Ich habe es auch mal mit deaktivierter Firewall probiert und da kam das selbe Problem


----------



## Solon25 (15. Juli 2008)

Ich hab mal mit dem Stichwort Runtime Library aus dem Fehlerfenster gegoogelt.

Auf Seite 1 dieses Threads stand folgendes:



> Durch Zufall bin ich draufgekommen was es bei mir war.
> Ich den free Downloadmanager installiert bevor das Problem auftauchte.
> Deinstalliert und sofort war das Problem weg. Ohne Neustart.
> 
> Also kann es durch ein inkompatibles Programm verursacht werden.



Daraufhin kamen ein paar Danksagungen das es nun auch bei anderen klappt. Der Thread hat 4 Seiten, sollte sowas bei dir nicht zutreffen musst du dort mal weiter lesen


----------



## Leschark (15. Juli 2008)

Solon25 am 15.07.2008 18:22 schrieb:
			
		

> Ich hab mal mit dem Stichwort Runtime Library aus dem Fehlerfenster gegoogelt.
> 
> Auf Seite 1 dieses Threads stand folgendes:
> 
> ...



Naja, die Tips aus dem Threat haben nicht geholfen, aber ich habe hier http://titanquest.4players.de/forum/viewtopic.php?t=4870
gelesen, dass man das Spiel als Admin ausführen muss.
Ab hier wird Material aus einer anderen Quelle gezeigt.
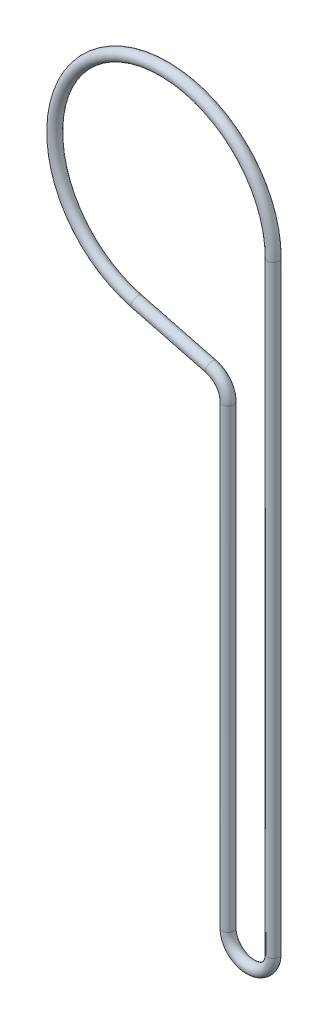
from build123d import *

# Parameters (mm, degrees)
BALAYAGE1_PROFILE_R = 1.5


with BuildPart() as part:
    # Balayage1: sweep along a path in Esquisse1
    with BuildLine(Plane.XY) as balayage1_path:
        Line((29, 0), (29, -160))
        ThreePointArc((29, -160), (23, -166), (17, -160))
        Line((17, -160), (17, -39))
        ThreePointArc((17, -39), (15.744459276, -35.327112011), (12.503297941, -33.191377504))
        Line((12.503297941, -33.191377504), (-7.265940046, -28.075008731))
        ThreePointArc((-7.265940046, -28.075008731), (-17.752291946, 22.931553167), (29, 0))
    # Balayage1 profile (on start of the path) → Balayage1 (sweep)
    with BuildSketch(Plane(origin=(29, 0, 0), x_dir=(-1, 0, 0), z_dir=(0, -1, 0))):
        Circle(BALAYAGE1_PROFILE_R)
    sweep(path=balayage1_path.line)


solid = part.part
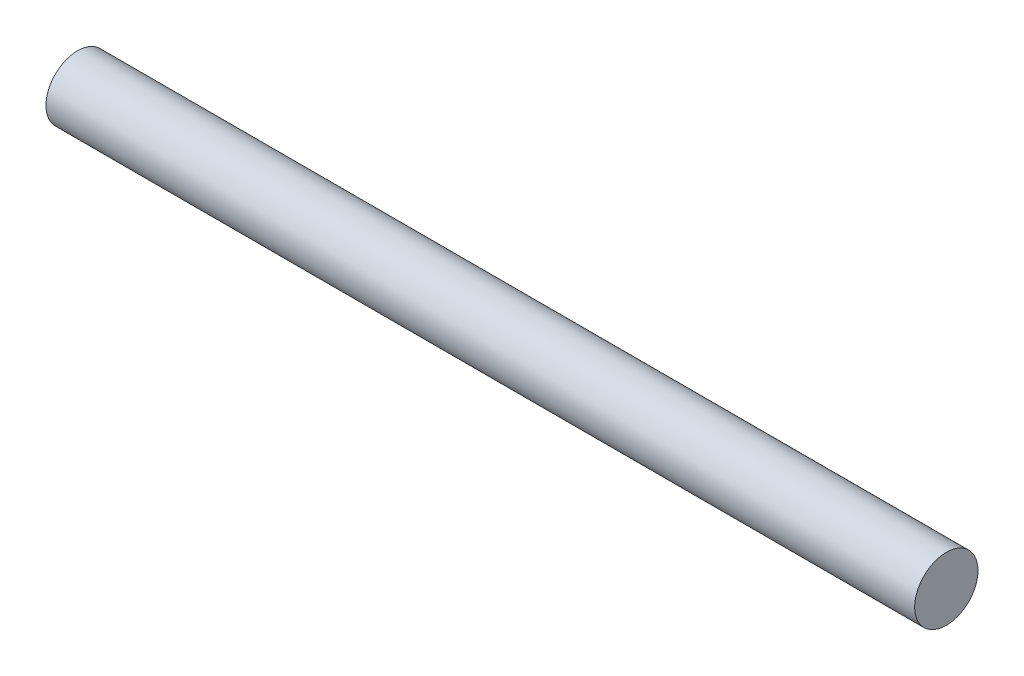
from build123d import *

# Parameters (mm, degrees)
SKETCH1_R           = 0.875
BOSS_EXTRUDE1_DEPTH = 24


with BuildPart() as part:
    # Sketch1 → Boss-Extrude1 (new body)
    with BuildSketch(Plane.YZ):
        with Locations(Location((0, 0, 0), (0, 0, 270))):
            Circle(SKETCH1_R)
    extrude(amount=BOSS_EXTRUDE1_DEPTH)


solid = part.part

Habs gleich ausprobiert und es funktioniert wirklich  
Ich kann blos immer noch keine Spiele hosten


----------



## lancelotti (17. Juli 2008)

Hallo

Wenn ich das richtig gesehen habe hast du Vista.
Dann solltest du für Titan Quest mal folgendes Probieren;
Gehe ind Netzwerk- und Freigabecenter dort auf Netzwerkverbindungen Verwalten.
Im folgenden Fenster auf Erweitert -> Erweiterte Einstellungen.
Im nun geöffneten Fenster sollte unter Adapter und Bindungen deine Netzwerkkarte über die TitanQuest im Netz gespielt wird ganz oben stehen.
Wenn nicht dann die Reihenfolge so Ändern das eben diese Netzwerkkarte über welche das Spiel gespielt werden soll ganz oben steht.

Dann sollte es eigentlich mit dem Netzwerkspiel klappen.

MfG
lancelotti

Edit: Dies sollte auf beiden Rechnern geschehen.auch unter XP


----------